Some pharmaceutical and biotech companies are asking how this can be done better. One way to do it is to make existing therapies — medicines that are known, tested and approved — even more effective.
“It’s a natural progression as there’s more generics out there,” said Asthika Goonewardene, a biotech analyst with Bloomberg Intelligence. “Companies have been working on different delivery methods, or combining different drugs in new ways, for awhile now. It’s a viable way to do it.”
Some big name guys have entered the field, including Actavis (ACT) and Teva Pharmaceuticals (TEVA). Other smaller guys are looking at game-changing innovations, including MannKind’s (MNKD) inhaled insulin Afrezza, or Heron Therapeutic’s (HRTX) high-tech Biochronomer, a polymer-based drug delivery platform that makes existing injectable drugs longer lasting.
“By taking a drug that’s already approved, you’re trimming down the approval process,” says Goonewardene. “It’s a lower risk product because the FDA’s already liked it.”
OptiNose, a biotech company outside of Philadelphia, has focused its efforts in this field. The company has developed a relatively lo-fi device that has the potential to transform treatments for problematic conditions simply by getting the medicine where it needs to go.

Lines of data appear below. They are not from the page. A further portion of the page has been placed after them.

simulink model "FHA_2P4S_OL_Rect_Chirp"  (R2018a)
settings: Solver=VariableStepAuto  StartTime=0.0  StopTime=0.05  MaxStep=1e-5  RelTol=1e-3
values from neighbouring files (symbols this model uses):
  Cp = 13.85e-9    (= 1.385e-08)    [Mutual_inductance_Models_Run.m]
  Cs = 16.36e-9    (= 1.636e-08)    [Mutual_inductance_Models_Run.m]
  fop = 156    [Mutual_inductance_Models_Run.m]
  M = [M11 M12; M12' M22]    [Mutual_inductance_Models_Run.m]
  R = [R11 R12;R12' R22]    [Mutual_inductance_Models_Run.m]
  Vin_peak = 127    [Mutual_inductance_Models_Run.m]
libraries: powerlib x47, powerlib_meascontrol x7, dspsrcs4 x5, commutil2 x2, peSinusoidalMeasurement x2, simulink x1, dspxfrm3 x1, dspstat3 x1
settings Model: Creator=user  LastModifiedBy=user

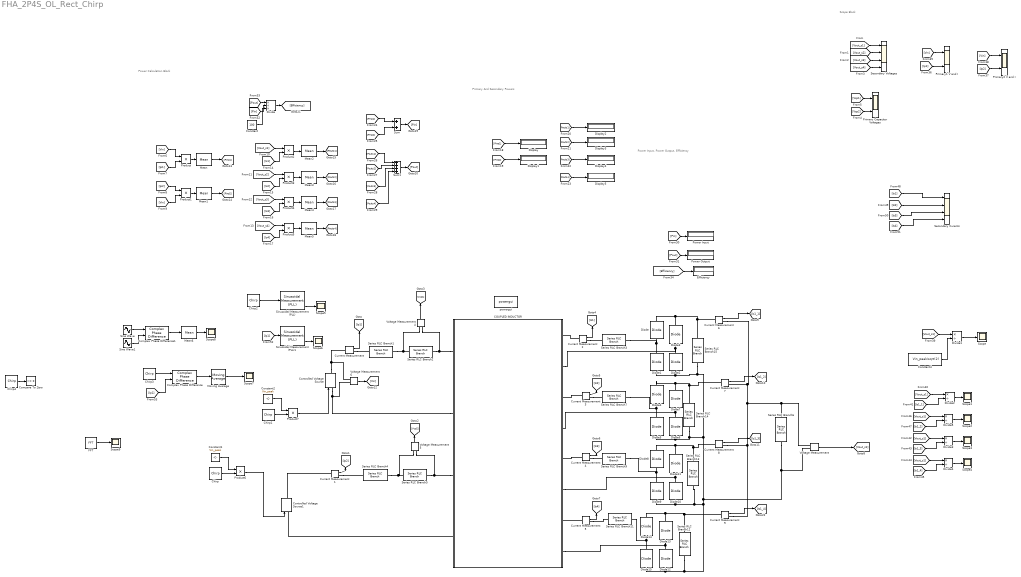
== system FHA_2P4S_OL_Rect_Chirp ==
  note: Scope Block
  note: Primary And Secondary Powers
  note: Power Calculation Block
  note: Power Input,
      | Power Output,
      | Efficiency
  COUPLED INDUCTOR : Subsystem
  Chirp{,1..4} (5 alike) : dspsrcs4/Chirp  sweep=Linear  mode=Unidirectional  f0=1e5  f1=2e5  t1=0.05  Tsweep=1  phase=0  Ts=1e-7  spf=1  datatype=Double  OutputFrames=off
      settings: SourceProductName=DSP System Toolbox
  Compare To Zero : simulink/Logic and Bit Operations/Compare To Zero  relop=<=  OutDataTypeStr=boolean
  Complex Phase Difference : commutil2/Complex Phase Difference
      settings: SourceProductName=Communications System Toolbox  SourceProductBaseCode=CM
  Complex Phase Difference1 : commutil2/Complex Phase Difference
      settings: SourceProductName=Communications System Toolbox  SourceProductBaseCode=CM
  Constant : Constant  Value=100
  Constant1 : Constant  Value=Vin_peak
  Constant2 : Constant  Value=Vin_peak
  Constant4 : Constant  Value=Vin_peak/sqrt(2)
  Controlled Voltage Source : powerlib/Electrical Sources/Controlled Voltage Source  Initialize=on  Source_Type=AC  Amplitude=0  Phase=0  Frequency=0  Measurements=None
  Controlled Voltage Source1 : powerlib/Electrical Sources/Controlled Voltage Source  Initialize=on  Source_Type=AC  Amplitude=0  Phase=0  Frequency=0  Measurements=None
  Current Measurement{,1..9} (10 alike) : powerlib/Measurements/Current Measurement  PhasorSimulation=off  OutputType=Complex  PSBequivalent=0
  Diode{,1..15} (16 alike) : powerlib/Power Electronics/Diode  Ron=0.001  Lon=0  Vf=0.8  IC=0  UseSnubber=0  Rs=inf  Cs=250e-9  Measurements=off
  Display{,1..5} (6 alike) : Display
  Divide : Product  Inputs=*/*
  Divide{1..5} (5 alike) : Product  Inputs=*/
  Efficiency : Display
  FFT : dspxfrm3/FFT  FFTImplementation=Auto  CompMethod=Table lookup  TableOpt=NEW  TableOptActive=Speed  BitRevOrder=on  Normalize=on  InheritFFTLength=on  FFTLength=64  WrapInput=on  roundingMode=Floor  overflowMode=off  firstCoeffDataTypeStr=Inherit: Same word length as input  firstCoeffLastDataTypeStr=Inherit: Same word length as input  outputMin=[]  outputMax=[]
  Mean{,1..5} (6 alike) : powerlib_meascontrol/Measurements/Mean  Freq=fop*1000  Vinit=0  Ts=0
  Mean6 : powerlib_meascontrol/Measurements/Mean  Freq=150000  Vinit=0  Ts=0
  Moving Average : dspstat3/Moving Average  Method=Sliding window  ForgettingFactorPort=off  SpecifyWindowLength=on  WindowLength=600  ForgettingFactor=0.9  SimulateUsing=Code generation
  Power Input : Display
  Power Output : Display
  Primary Capacitor Voltages : Scope  NumInputPorts=2
  Primary1 V and I : Scope  NumInputPorts=2
  Primary2 V and I : Scope  NumInputPorts=2
  Product{,1..7} (8 alike) : Product
  Scope{,1..9} (10 alike) : Scope
  Secondary Curents : Scope  NumInputPorts=4
  Secondary Voltages : Scope  NumInputPorts=4
  Series RLC Branch1 : powerlib/Elements/Series RLC Branch  LConnTagsString=__new0  RConnTagsString=__new0  BranchType=R  Resistance=0.01  Inductance=1e-3  SetiL0=off  InitialCurrent=0  Capacitance=1e-6  Setx0=off  InitialVoltage=0  Measurements=None
  Series RLC Branch{3,7,9,11} (4 alike) : powerlib/Elements/Series RLC Branch  LConnTagsString=__new0  RConnTagsString=__new0  BranchType=C  Resistance=0.01  Inductance=1e-3  SetiL0=off  InitialCurrent=0  Capacitance=Cs  Setx0=off  InitialVoltage=0  Measurements=None
  Series RLC Branch{12..15} (4 alike) : powerlib/Elements/Series RLC Branch  LConnTagsString=__new0  RConnTagsString=__new0  BranchType=C  Resistance=70  Inductance=1e-3  SetiL0=off  InitialCurrent=0  Capacitance=1e-6  Setx0=off  InitialVoltage=0  Measurements=None
  Series RLC Branch2 : powerlib/Elements/Series RLC Branch  LConnTagsString=__new0  RConnTagsString=__new0  BranchType=C  Resistance=0.01  Inductance=1e-3  SetiL0=off  InitialCurrent=0  Capacitance=Cp  Setx0=off  InitialVoltage=0  Measurements=None
  Series RLC Branch4 : powerlib/Elements/Series RLC Branch  LConnTagsString=__new0  RConnTagsString=__new0  BranchType=R  Resistance=0.01  Inductance=1e-3  SetiL0=off  InitialCurrent=0  Capacitance=1e-6  Setx0=off  InitialVoltage=0  Measurements=None
  Series RLC Branch5 : powerlib/Elements/Series RLC Branch  LConnTagsString=__new0  RConnTagsString=__new0  BranchType=C  Resistance=0.01  Inductance=1e-3  SetiL0=off  InitialCurrent=0  Capacitance=Cp  Setx0=off  InitialVoltage=0  Measurements=None
  Series RLC Branch6 : powerlib/Elements/Series RLC Branch  LConnTagsString=__new0  RConnTagsString=__new0  BranchType=R  Resistance=10  Inductance=1e-3  SetiL0=off  InitialCurrent=0  Capacitance=1e-6  Setx0=off  InitialVoltage=0  Measurements=None
  Sine Wave : Sin  Frequency=2*pi*150000  SampleTime=0
  Sine Wave1 : Sin  Frequency=2*pi*150000  Phase=1  SampleTime=0
  Sinusoidal Measurement (PLL) : peSinusoidalMeasurement/Sinusoidal Measurement (PLL)  Ki_PD=1000  Kp_LF=400  Ki_LF=20000  F0=60  Theta0=0  Mag0=1  Ts=-1
  Sinusoidal Measurement (PLL)1 : peSinusoidalMeasurement/Sinusoidal Measurement (PLL)  Ki_PD=1000  Kp_LF=400  Ki_LF=20000  F0=60  Theta0=0  Mag0=1  Ts=-1
  Sum : Sum
  Sum1 : Sum  Inputs=++++
  Voltage Measurement{,4..6} (4 alike) : powerlib/Measurements/Voltage Measurement  PhasorSimulation=off  OutputType=Complex  PSBequivalent=0
  powergui : powerlib/powergui  Priority=1  SimulationMode=Continuous  SampleTime=50e-6  frequency=60  Iterations=50  frequencyindice=0  Pbase=100e6  ErrMax=1e-4  UnitsV=kV  UnitsW=MW  buscounter=0  FunctionMessages=off  echomessages=off  EnableUseOfTLC=off  CurrentSourceSwitches=off  DisableSnubberDevices=off  DisableRonSwitches=off  DisableVfSwitches=off  DisplayEquations=off  SolverType=Tustin/Backward Euler (TBE)  Interpol=off  ExternalGateDelay=off  methode=off  Ts=100  x0status=blocks  SPID=on  SwTol=0  HookPort=off  RestoreLinks=warning  ResistiveCurrentMeasurement=off  Frange=[0:2:500]  Ylog=off  Xlog=on  ShowGrid=off  save=off  variable=ZData  structure=0  ZoomFFT=off  StartTime=0.0  cycles=1  DisplayStyle=1  fundamental=60  FreqAxis=off  MaxFrequency=1000  frequencyindicesteady=1  RmsSteady=1  display=off
  wires:
  Divide/1 -> [Efficiency]
  [Ip1] -> Primary1 V and I/2
  [Efficiency] -> Efficiency/1
  [Pouts4] -> Sum1/4
  [Vin] -> Primary1 V and I/1
  [Vin] -> Primary2 V and I/1
  [Pin] -> Power Input/1
  Mean1/1 -> [Pinp2]
  [Pin] -> Divide/2
  [Pout] -> Divide/1
  [Vout_s2] -> Product3/1
  Constant/1 -> Divide/3
  Current Measurement/1 -> [Ip1]
  [Pouts3] -> Sum1/3
  [Pinp1] -> Sum/1
  [Pout] -> Power Output/1
  [Vout_s3] -> Secondary Voltages/3
  [Vout_s1] -> Product2/1
  Current Measurement4/1 -> [Is3]
  [Pouts2] -> Sum1/2
  Sum1/1 -> [Pout]
  Current Measurement1/1 -> [Ip2]
  [Is2] -> Product3/2
  [Pouts2] -> Display3/1
  [Pouts3] -> Display4/1
  [Pinp2] -> Display1/1
  [Pouts1] -> Display2/1
  [Pinp2] -> Sum/2
  [Vcp1] -> Primary Capacitor Voltages/1
  [Pinp1] -> Display/1
  [Pouts4] -> Display5/1
  Product5/1 -> Mean5/1
  [Vin] -> Product/1
  [Vout_s2] -> Secondary Voltages/2
  Mean/1 -> [Pinp1]
  [Is4] -> Product5/2
  Mean4/1 -> [Pouts3]
  Mean2/1 -> [Pouts1]
  Product2/1 -> Mean2/1
  Product4/1 -> Mean4/1
  [Vcp2] -> Primary Capacitor Voltages/2
  [Vout_s4] -> Product5/1
  [Is1] -> Product2/2
  [Vin] -> Product1/2
  [Vout_s1] -> Secondary Voltages/1
  [Ip1] -> Product/2
  [Pouts1] -> Sum1/1
  Voltage Measurement4/1 -> [Vcp1]
  [Vout_s3] -> Product4/1
  Product7/1 -> Controlled Voltage Source/1
  Current Measurement3/1 -> [Is2]
  Product1/1 -> Mean1/1
  Mean3/1 -> [Pouts2]
  Sum/1 -> [Pin]
  [Ip2] -> Product1/1
  Mean5/1 -> [Pouts4]
  Voltage Measurement/1 -> [Vout_s1]
  [Vout_s4] -> Secondary Voltages/4
  [Ip2] -> Primary2 V and I/2
  [Is3] -> Product4/2
  Current Measurement2/1 -> [Is1]
  Product/1 -> Mean/1
  Voltage Measurement5/1 -> [Vcp2]
  Product3/1 -> Mean3/1
  Current Measurement5/1 -> [Is4]
  Voltage Measurement6/1 -> [Vin]
  Chirp/1 -> Product6/2
  Constant1/1 -> Product6/1
  Product6/1 -> Controlled Voltage Source1/1
  Chirp1/1 -> Product7/2
  Constant2/1 -> Product7/1
  [Vout_s1] -> Divide1/1
  Constant4/1 -> Divide1/2
  Divide1/1 -> Scope/1
  Current Measurement6/1 -> [Is1_1]
  Current Measurement7/1 -> [Is1_2]
  Current Measurement8/1 -> [Is1_3]
  Current Measurement9/1 -> [Is1_4]
  [Vout_s1] -> Divide2/1
  [Is1_1] -> Divide2/2
  [Vout_s1] -> Divide3/1
  [Is1_3] -> Divide3/2
  [Vout_s1] -> Divide4/1
  [Is1_4] -> Divide4/2
  [Vout_s1] -> Divide5/1
  [Is1_2] -> Divide5/2
  Divide5/1 -> Scope2/1
  Divide4/1 -> Scope4/1
  Divide3/1 -> Scope3/1
  Divide2/1 -> Scope1/1
  [Is1] -> Secondary Curents/1
  [Is2] -> Secondary Curents/2
  [Is3] -> Secondary Curents/3
  [Is4] -> Secondary Curents/4
  Chirp2/1 -> Sinusoidal Measurement (PLL)/1
  Sinusoidal Measurement (PLL)/3 -> Scope5/1
  [Ip1] -> Sinusoidal Measurement (PLL)1/1
  Sinusoidal Measurement (PLL)1/3 -> Scope6/1
  Chirp3/1 -> Complex Phase Difference/1
  [Ip1] -> Complex Phase Difference/2
  Complex Phase Difference/1 -> Moving Average/1
  Sine Wave/1 -> Complex Phase Difference1/1
  Sine Wave1/1 -> Complex Phase Difference1/2
  Complex Phase Difference1/1 -> Mean6/1
  Mean6/1 -> Scope8/1
  Moving Average/1 -> Scope7/1
  FFT/1 -> Scope9/1
  Chirp4/1 -> Compare To Zero/1
  connections:
  Diode14/RConn1 -- Current Measurement9/LConn1 -- Series RLC Branch12/LConn1 -- Diode13/RConn1
  Series RLC Branch2/LConn1 -- Series RLC Branch1/LConn1 -- Voltage Measurement4/LConn1
  Series RLC Branch5/LConn1 -- Series RLC Branch4/LConn1 -- Voltage Measurement5/LConn1
  Controlled Voltage Source/RConn1 -- Current Measurement/LConn1 -- Voltage Measurement6/LConn1
  COUPLED INDUCTOR/RConn3 -- Series RLC Branch5/RConn1 -- Voltage Measurement5/LConn2
  COUPLED INDUCTOR/RConn1 -- Series RLC Branch2/RConn1 -- Voltage Measurement4/LConn2
  COUPLED INDUCTOR/RConn2 -- Controlled Voltage Source/LConn1 -- Voltage Measurement6/LConn2
  Current Measurement1/LConn1 -- Controlled Voltage Source1/RConn1
  Current Measurement/RConn1 -- Series RLC Branch1/RConn1
  Current Measurement3/RConn1 -- Series RLC Branch7/LConn1
  Current Measurement4/LConn1 -- COUPLED INDUCTOR/LConn5
  Current Measurement5/RConn1 -- Series RLC Branch11/LConn1
  Current Measurement2/LConn1 -- COUPLED INDUCTOR/LConn1
  Current Measurement5/LConn1 -- COUPLED INDUCTOR/LConn7
  Current Measurement2/RConn1 -- Series RLC Branch3/LConn1
  COUPLED INDUCTOR/RConn4 -- Controlled Voltage Source1/LConn1
  Current Measurement3/LConn1 -- COUPLED INDUCTOR/LConn3
  Current Measurement4/RConn1 -- Series RLC Branch9/LConn1
  Current Measurement1/RConn1 -- Series RLC Branch4/RConn1
  Diode1/RConn1 -- Series RLC Branch3/RConn1 -- Diode/LConn1
  Diode3/LConn1 -- COUPLED INDUCTOR/LConn2 -- Diode2/RConn1
  Diode7/LConn1 -- COUPLED INDUCTOR/LConn4 -- Diode6/RConn1
  Diode5/RConn1 -- Series RLC Branch7/RConn1 -- Diode4/LConn1
  Diode9/RConn1 -- Series RLC Branch9/RConn1 -- Diode8/LConn1
  Diode11/LConn1 -- COUPLED INDUCTOR/LConn6 -- Diode10/RConn1
  Diode6/LConn1 -- Voltage Measurement/LConn2 -- Series RLC Branch6/RConn1 -- Diode9/LConn1 -- Diode10/LConn1 -- Series RLC Branch13/RConn1 -- Diode12/LConn1 -- Diode15/LConn1 -- Series RLC Branch12/RConn1 -- Diode2/LConn1 -- Diode1/LConn1 -- Series RLC Branch15/RConn1 -- Series RLC Branch14/RConn1 -- Diode5/LConn1
  Diode13/LConn1 -- COUPLED INDUCTOR/LConn8 -- Diode12/RConn1
  Diode15/RConn1 -- Series RLC Branch11/RConn1 -- Diode14/LConn1
  Diode/RConn1 -- Current Measurement6/LConn1 -- Series RLC Branch15/LConn1 -- Diode3/RConn1
  Diode4/RConn1 -- Current Measurement7/LConn1 -- Series RLC Branch14/LConn1 -- Diode7/RConn1
  Diode8/RConn1 -- Current Measurement8/LConn1 -- Series RLC Branch13/LConn1 -- Diode11/RConn1
  Series RLC Branch6/LConn1 -- Voltage Measurement/LConn1 -- Current Measurement7/RConn1 -- Current Measurement6/RConn1 -- Current Measurement9/RConn1 -- Current Measurement8/RConn1

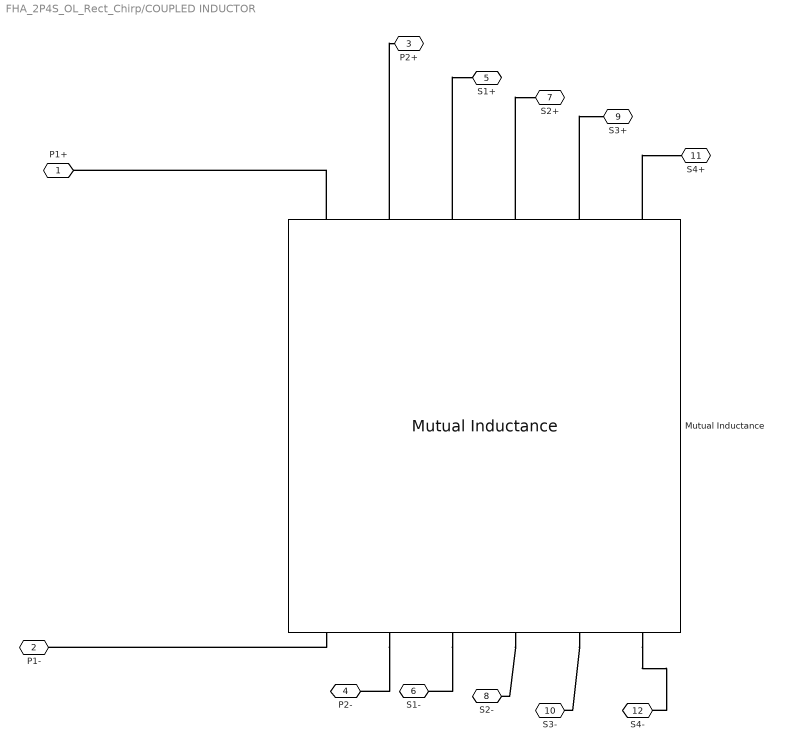
== system FHA_2P4S_OL_Rect_Chirp/COUPLED INDUCTOR ==
  Mutual Inductance : powerlib/Elements/Mutual Inductance  LConnTagsString=a|b|c|L4|L5|L6  RConnTagsString=A|B|C|R4|R5|R6  TypeOfMutual=Generalized mutual inductance  NumberOfWindings=6  SelfImpedance1=[1.1 1.1e-03]  SelfImpedance2=[ 1.1 1.1e-03]  ThreeWindings=on  SelfImpedance3=[ 1.1 1.1e-03]  MutualImpedance=[1.0 1.0e-03]  InductanceMatrix=M * 1e-6  ResistanceMatrix=R*0.001  Measurements=None
      settings: AttributesFormatString=\n  SourceProductName=Simscape Power Systems  SourceProductBaseCode=PS
  P1+ : PMIOPort  Side=Right
  P1- : PMIOPort  Port=2  Side=Right
  P2+ : PMIOPort  Port=3  Side=Right
  P2- : PMIOPort  Port=4  Side=Right
  S1+ : PMIOPort  Port=5  Side=Left
  S1- : PMIOPort  Port=6  Side=Left
  S2+ : PMIOPort  Port=7  Side=Left
  S2- : PMIOPort  Port=8  Side=Left
  S3+ : PMIOPort  Port=9  Side=Left
  S3- : PMIOPort  Port=10  Side=Left
  S4+ : PMIOPort  Port=11  Side=Left
  S4- : PMIOPort  Port=12  Side=Left
  connections:
  Mutual Inductance/LConn2 -- P2-/RConn1
  Mutual Inductance/LConn5 -- S3-/RConn1
  Mutual Inductance/RConn5 -- S3+/RConn1
  Mutual Inductance/RConn4 -- S2+/RConn1
  Mutual Inductance/LConn6 -- S4-/RConn1
  Mutual Inductance/RConn1 -- P1+/RConn1
  Mutual Inductance/LConn1 -- P1-/RConn1
  Mutual Inductance/RConn2 -- P2+/RConn1
  Mutual Inductance/LConn4 -- S2-/RConn1
  Mutual Inductance/LConn3 -- S1-/RConn1
  Mutual Inductance/RConn3 -- S1+/RConn1
  Mutual Inductance/RConn6 -- S4+/RConn1

The plastic device uses the body’s natural breath to close off the nasal cavity and send drug very deep into the nose. It takes advantage of the fact that when you blow hard out of your mouth, the soft palate closes off airway access to your sinuses. It’s why you can’t blow hard out of your mouth and nostrils at the same time. That essentially seals off the nasal cavity allowing the drug to circulate in that closed-off area while your breath sends the drug high into the sinuses.
OptiNose, in partnership with Avanir, is nearing the Food and Drug Administration’s approval for its first use: to treat migraines. Clinical studies have shown that the breath-powered device gets the drug into a patient’s blood faster than oral medicine, while requiring a smaller dosage. It’s almost as fast as an injectable, but without the need to use a needle.
The cost for developing this new delivery mechanism? About $30 million to $50 million. That sum includes a second treatment for chronic sinusitis under current FDA review.
“The hard part of drug development is that so many good drugs fail because of safety issues, so there’s known to be really good activity in the early development stages, then they put them into animals and find side effects,” says Optinose CEO Peter Miller. “Because we’re taking drugs that have been in humans, in the case of our first two drugs, they’ve been used millions of times by people, our safety risks and therefore development and regulatory risks are a completely different magnitude than a new molecular entity.”
Better delivery not only lowers the cost of development and optimizes drugs — by using less, speeding delivery or improving results — it also allows drugmakers to extend patent protections on what would be an otherwise lower-margin generic medicine. That allows for more pricing power because of improved outcomes and renewed exclusivity. (Still, there’s certainly not as much pricing power as for an all-new drug, points out Goonewardene.)
This is just one delivery mechanism and one condition. There’s still huge a opportunity. Taking OptiNose as one example, the device is also being adapted to transform treatments for sinus polyps and chronic sinusitis using the widely-known drug fluticasone (you may know this by its brand name: Flonase). That would open up an under-served market worth at least $1.5 billion, OptiNose said.
Even bigger: the nasal cavity is the only area where the brain meets the outside world. The potential to better treat central nervous system diseases such as Autism and Alzheimer’s by reaching the brain directly could transform treatments for those diseases, the company said.
To be sure, there’s still a long way to go to confirm such things in clinical testing, and new delivery methods still rely on the library of drugs available, as well as the limitations of the human body. Progress is starting to reach the market, and it has the potential to make already good drugs even more effective.